India stands on the brink of a metabolic crisis. Nearly ninety million adults, about 10.5% of those aged between 20 and 79, live with diabetes, making ours the world's second-largest diabetic population after China. Obesity, the silent precursor, now afflicts nearly a quarter of Indian adults, while abdominal obesity exceeds 40% among women. Together, these conditions fuel a rising tide of heart disease, stroke, and kidney failure that steadily undermines our public health foundations. Into this landscape arrives Ozempic - Novo Nordisk's semaglutide injection - approved by the Central Drugs Standard Control Organisation (CDSCO) in September 2025 for adults with type-2 diabetes inadequately controlled by diet and exercise. Expected to launch by December and priced between ₹10,000 and ₹20,000 a month, it promises not only superior blood sugar control and weight reduction but also cardiovascular protection.
Ozempic Is An Achievement
Crucially, semaglutide exists because companies were free to invest, take risks, and profit from success. It is the outcome of decades of research and innovation - not a product of government decree. We should celebrate, not penalise, the profit motive that drives such progress. Innovation flourishes only when regulation is predictable, approvals are swift, and intellectual property is respected. India's drug bureaucracy, however, often moves at a glacial pace; simplifying approvals, incentivising voluntary licensing, and ensuring transparency would do far more for patients than any heavy-handed price cap ever could.

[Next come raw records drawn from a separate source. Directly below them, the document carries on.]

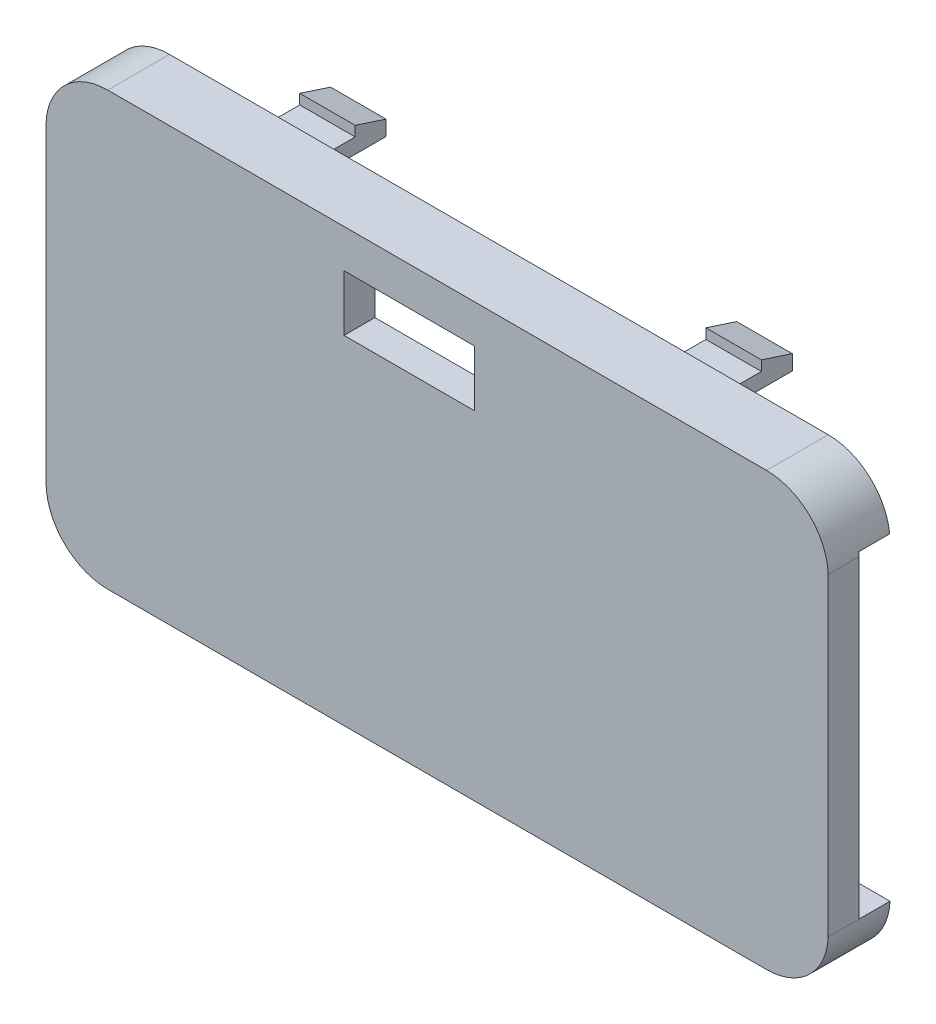
from build123d import *

# Parameters (mm, degrees)
EXTRUDE_1_DEPTH     = 1.5
EXTRUDE_2_DEPTH     = 1.5
CUT_EXTRUDE_2_DEPTH = 1.5
SKETCH_8_W          = 6.342405544
SKETCH_8_H          = 2.722912939
CUT_EXTRUDE_3_DEPTH = 1.5
SKETCH_9_W          = 2.696269273
SKETCH_9_H          = 0.7312398
EXTRUDE_4_DEPTH     = 3
EXTRUDE_6_REACH     = 61.436
CUT_EXTRUDE_4_DEPTH = 17.033846789
SKETCH_6_W          = 3.802870335
SKETCH_6_H          = 10.25
CUT_EXTRUDE_5_DEPTH = 3.024817901


with BuildPart() as part:
    # 草图1 → 凸台-拉伸1 (new body)
    with BuildSketch(Plane.XY.offset(46.24708128)):
        with BuildLine():
            Line((-18.935673231, -7.132078693), (13.064326769, -7.132078693))
            ThreePointArc((13.064326769, -7.132078693), (15.140982735, -6.297142202), (16.061721471, -4.257078693))
            Line((16.061721471, -4.257078693), (16.061721471, 10.992921307))
            ThreePointArc((16.061721471, 10.992921307), (15.140982735, 13.032984817), (13.064326769, 13.867921307))
            Line((13.064326769, 13.867921307), (-18.935673231, 13.867921307))
            ThreePointArc((-18.935673231, 13.867921307), (-21.056993574, 12.989241651), (-21.935673231, 10.867921307))
            Line((-21.935673231, 10.867921307), (-21.935673231, -4.132078693))
            ThreePointArc((-21.935673231, -4.132078693), (-21.056993574, -6.253399036), (-18.935673231, -7.132078693))
        make_face()
        with BuildLine():
            Line((13.064326769, -5.632078693), (-18.935673231, -5.632078693))
            ThreePointArc((-18.935673231, -5.632078693), (-19.996333403, -5.192738865), (-20.435673231, -4.132078693))
            Line((-20.435673231, -4.132078693), (-20.435673231, 10.867921307))
            ThreePointArc((-20.435673231, 10.867921307), (-19.996333403, 11.928581479), (-18.935673231, 12.367921307))
            Line((-18.935673231, 12.367921307), (13.064326769, 12.367921307))
            ThreePointArc((13.064326769, 12.367921307), (14.124986941, 11.928581479), (14.564326769, 10.867921307))
            Line((14.564326769, 10.867921307), (14.564326769, -4.132078693))
            ThreePointArc((14.564326769, -4.132078693), (14.124986941, -5.192738865), (13.064326769, -5.632078693))
        make_face(mode=Mode.SUBTRACT)
    extrude(amount=EXTRUDE_1_DEPTH)

    # 草图4 → 凸台-拉伸2 (add)
    with BuildSketch(Plane.XY.offset(47.74708128)):
        with BuildLine():
            Line((-21.935673231, 10.867921307), (-21.935673231, -4.132078693))
            ThreePointArc((-21.935673231, -4.132078693), (-21.056993574, -6.253399036), (-18.935673231, -7.132078693))
            Line((-18.935673231, -7.132078693), (13.064326769, -7.132078693))
            ThreePointArc((13.064326769, -7.132078693), (15.140982735, -6.297142202), (16.061721471, -4.257078693))
            Line((16.061721471, -4.257078693), (16.061721471, 10.992921307))
            ThreePointArc((16.061721471, 10.992921307), (15.140982735, 13.032984817), (13.064326769, 13.867921307))
            Line((13.064326769, 13.867921307), (-18.935673231, 13.867921307))
            ThreePointArc((-18.935673231, 13.867921307), (-21.056993574, 12.989241651), (-21.935673231, 10.867921307))
        make_face()
    extrude(amount=EXTRUDE_2_DEPTH)

    # 草图7 → 切除-拉伸2 (cut)
    with BuildSketch(Plane(origin=(16.061721471, 0, 0), x_dir=(0, 0, -1), z_dir=(1, 0, 0))):
        Polygon((-46.24708128, 11.189366068), (-47.753743169, 11.189366068), (-47.74708128, -4.257078693), (-46.24708128, -4.257078693), align=None)
    extrude(amount=-CUT_EXTRUDE_2_DEPTH, mode=Mode.SUBTRACT)

    # 草图8 → 切除-拉伸3 (cut)
    with BuildSketch(Plane.XY.offset(49.24708128)):
        with Locations((-4.288714371, 10.645412295)):
            Rectangle(SKETCH_8_W, SKETCH_8_H)
    extrude(amount=-CUT_EXTRUDE_3_DEPTH, mode=Mode.SUBTRACT)

    # 草图9 → 凸台-拉伸4 (add)
    with BuildSketch(Plane(origin=(0, 0, 46.24708128), x_dir=(-1, 0, 0), z_dir=(0, 0, -1))):
        with Locations((-6.965713307, 13.038581452)):
            Rectangle(SKETCH_9_W, SKETCH_9_H)
        with Locations((12.764402756, 13.038581452)):
            Rectangle(SKETCH_9_W, SKETCH_9_H)
        with Locations((12.764402756, -6.302738837)):
            Rectangle(SKETCH_9_W, SKETCH_9_H)
        with Locations((-6.965713307, -6.302738837)):
            Rectangle(SKETCH_9_W, SKETCH_9_H)
    extrude(amount=EXTRUDE_4_DEPTH)

    # 凸台-拉伸6: up to this face of the body (flat: up to its plane)
    extrude_6_end = Plane(part.part.faces().sort_by_distance((-14.112537392, 13.038581452, 44.74708128))[0])
    # 草图10 → 凸台-拉伸6 (add, up to the picked face)
    with BuildSketch(Plane(origin=(8.313847943, 0, 0), x_dir=(0, 0, -1), z_dir=(1, 0, 0)), mode=Mode.PRIVATE) as extrude_6_sk1:
        Polygon((-44.74708128, 13.404201352), (-44.74708128, 13.89248872), (-43.24708128, 13.404201352), align=None)
    extrude_6_tool1 = split(extrude(extrude_6_sk1.sketch, amount=-EXTRUDE_6_REACH, mode=Mode.PRIVATE), bisect_by=extrude_6_end, keep=Keep.BOTH, mode=Mode.PRIVATE)
    extrude_6 = extrude_6_tool1.solids().sort_by(Axis((8.313848, 13.566964, 44.247081), (-1, 0, 0)))[0]
    add(extrude_6)

    # 草图11 → 切除-拉伸4 (cut)
    with BuildSketch(Plane(origin=(-11.416268119, 0, 0), x_dir=(0, 0, -1), z_dir=(1, 0, 0))):
        Polygon((-44.74708128, 13.404201352), (-43.24708128, 13.404201352), (-44.74708128, 13.89248872), align=None)
    cut_extrude_4 = extrude(amount=CUT_EXTRUDE_4_DEPTH, mode=Mode.SUBTRACT)

    # 镜向1: 凸台-拉伸6 across plane
    add(extrude_6.mirror(Plane(origin=(0, 3.367921307, 0), x_dir=(0, 0, 1), z_dir=(0, -1, 0))))

    # 镜向2: 切除-拉伸4 across plane
    add(cut_extrude_4.mirror(Plane(origin=(0, 3.367921307, 0), x_dir=(0, 0, 1), z_dir=(0, -1, 0))), mode=Mode.SUBTRACT)

    # 草图6 → 切除-拉伸5 (cut)
    with BuildSketch(Plane.ZY.offset(21.935673231)):
        with Locations((46.829796448, 3.511921307)):
            Rectangle(SKETCH_6_W, SKETCH_6_H)
    extrude(amount=-CUT_EXTRUDE_5_DEPTH, mode=Mode.SUBTRACT)


solid = part.part
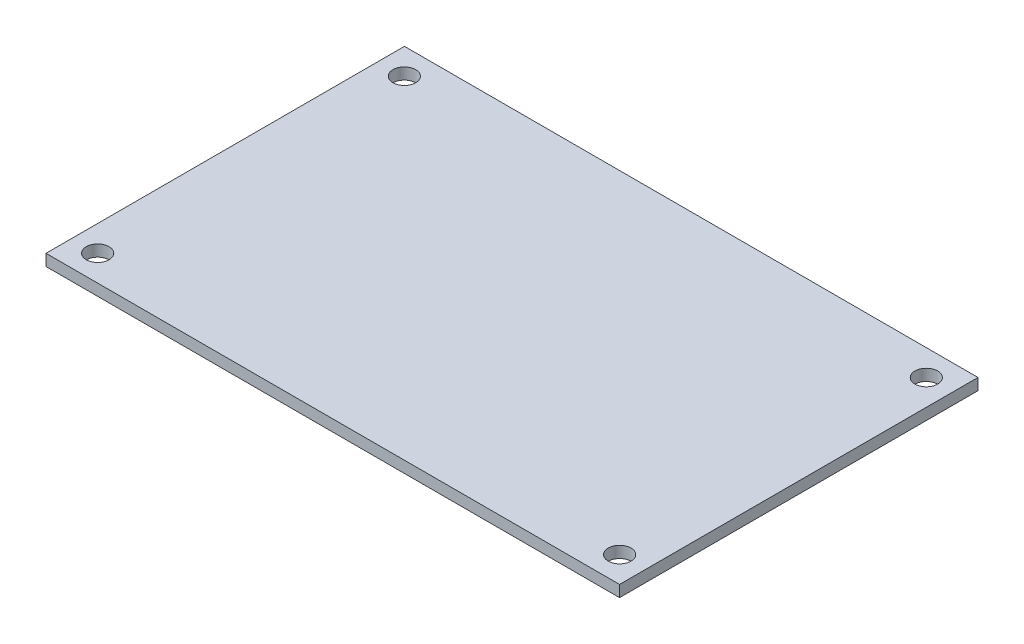
from build123d import *

# Parameters (mm, degrees)
SKETCH1_W           = 80
SKETCH1_H           = 50
BOSS_EXTRUDE1_DEPTH = 0.8001
SKETCH2_R           = 1.5875
CUT_EXTRUDE1_DEPTH  = 48.197040586


with BuildPart() as part:
    # Sketch1 → Boss-Extrude1 (new, symmetric)
    with BuildSketch(Plane(origin=(0, 0, 0), x_dir=(1, 0, 0), z_dir=(0, 1, 0))):
        Rectangle(SKETCH1_W, SKETCH1_H)
    extrude(amount=BOSS_EXTRUDE1_DEPTH, both=True)

    # Sketch2 → Cut-Extrude1 (cut, through all)
    with BuildSketch(Plane(origin=(0, 0.8001, 0), x_dir=(1, 0, 0), z_dir=(0, 1, 0))):
        with Locations(Location((-36.40283621, 21.38740377, 0), (0, 0, 270))):
            Circle(SKETCH2_R)
        with Locations(Location((-36.40283621, -21.38740377, 0), (0, 0, 270))):
            Circle(SKETCH2_R)
        with Locations(Location((36.40283621, -21.38740377, 0), (0, 0, 270))):
            Circle(SKETCH2_R)
        with Locations(Location((36.40283621, 21.38740377, 0), (0, 0, 270))):
            Circle(SKETCH2_R)
    extrude(amount=-CUT_EXTRUDE1_DEPTH, mode=Mode.SUBTRACT)


solid = part.part
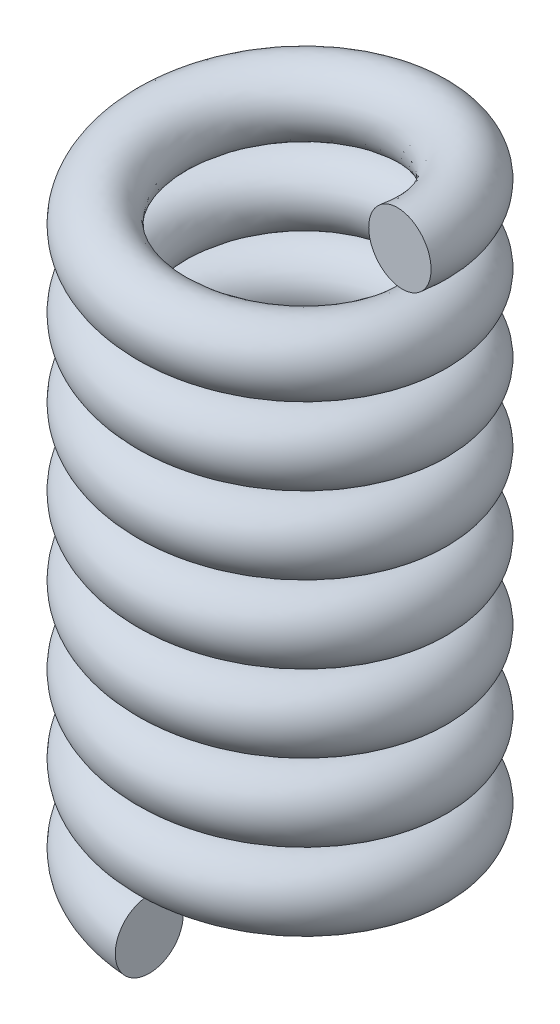
from build123d import *

# Parameters (mm, degrees)
AUSTRAGUNG2_PITCH  = 29.5
AUSTRAGUNG2_HEIGHT = 229
AUSTRAGUNG2_RADIUS = 50
SKIZZE5_R          = 13


with BuildPart() as part:
    # Austragung2: sweep along a helix
    with BuildLine() as austragung2_path:
        Helix(AUSTRAGUNG2_PITCH, AUSTRAGUNG2_HEIGHT, AUSTRAGUNG2_RADIUS, center=(0, 0, 0), direction=(0, 1, 0), lefthand=True)
    # Skizze5 → Austragung2 (sweep)
    with BuildSketch(Plane(origin=(0, 0, 0), x_dir=(0, 0, -1), z_dir=(1, 0, 0))):
        with Locations((-50, 0)):
            Circle(SKIZZE5_R)
    sweep(path=austragung2_path.line, is_frenet=True)


solid = part.part

Like any potent therapy, Ozempic carries risks. Nearly 40% of users experience gastrointestinal discomfort - nausea, vomiting, or diarrhoea - sometimes severe enough to discontinue treatment. Rarer complications such as pancreatitis, gallbladder disease, or acute kidney injury have been reported, and the black-box warning about thyroid C-cell tumours prohibits use in those with a family history of such cancers. Emerging evidence suggests that up to 40% of weight lost through semaglutide may be lean muscle mass rather than fat, while prolonged appetite suppression can cause nutritional deficiencies or worsen diabetic retinopathy. Yet, these are not reasons to retreat from progress. Adults deserve the liberty to make informed decisions about their own bodies. The state's duty is not to moralise about "weight-loss vanity" but to ensure accurate labelling, access to safety data, and education about risks. Responsible prescribing, gradual dose titration, and medical supervision must be encouraged, but through professional ethics and patient education - not bureaucratic suspicion.
When Regulation Goes Astray
The rise of a grey market in India, where unsupervised doses are sold at exorbitant rates, demonstrates that excessive control merely drives patients underground. Regulation should protect safety, not police choice. Without a balanced approach, we risk replacing one epidemic - obesity - with another: weakness and malnutrition.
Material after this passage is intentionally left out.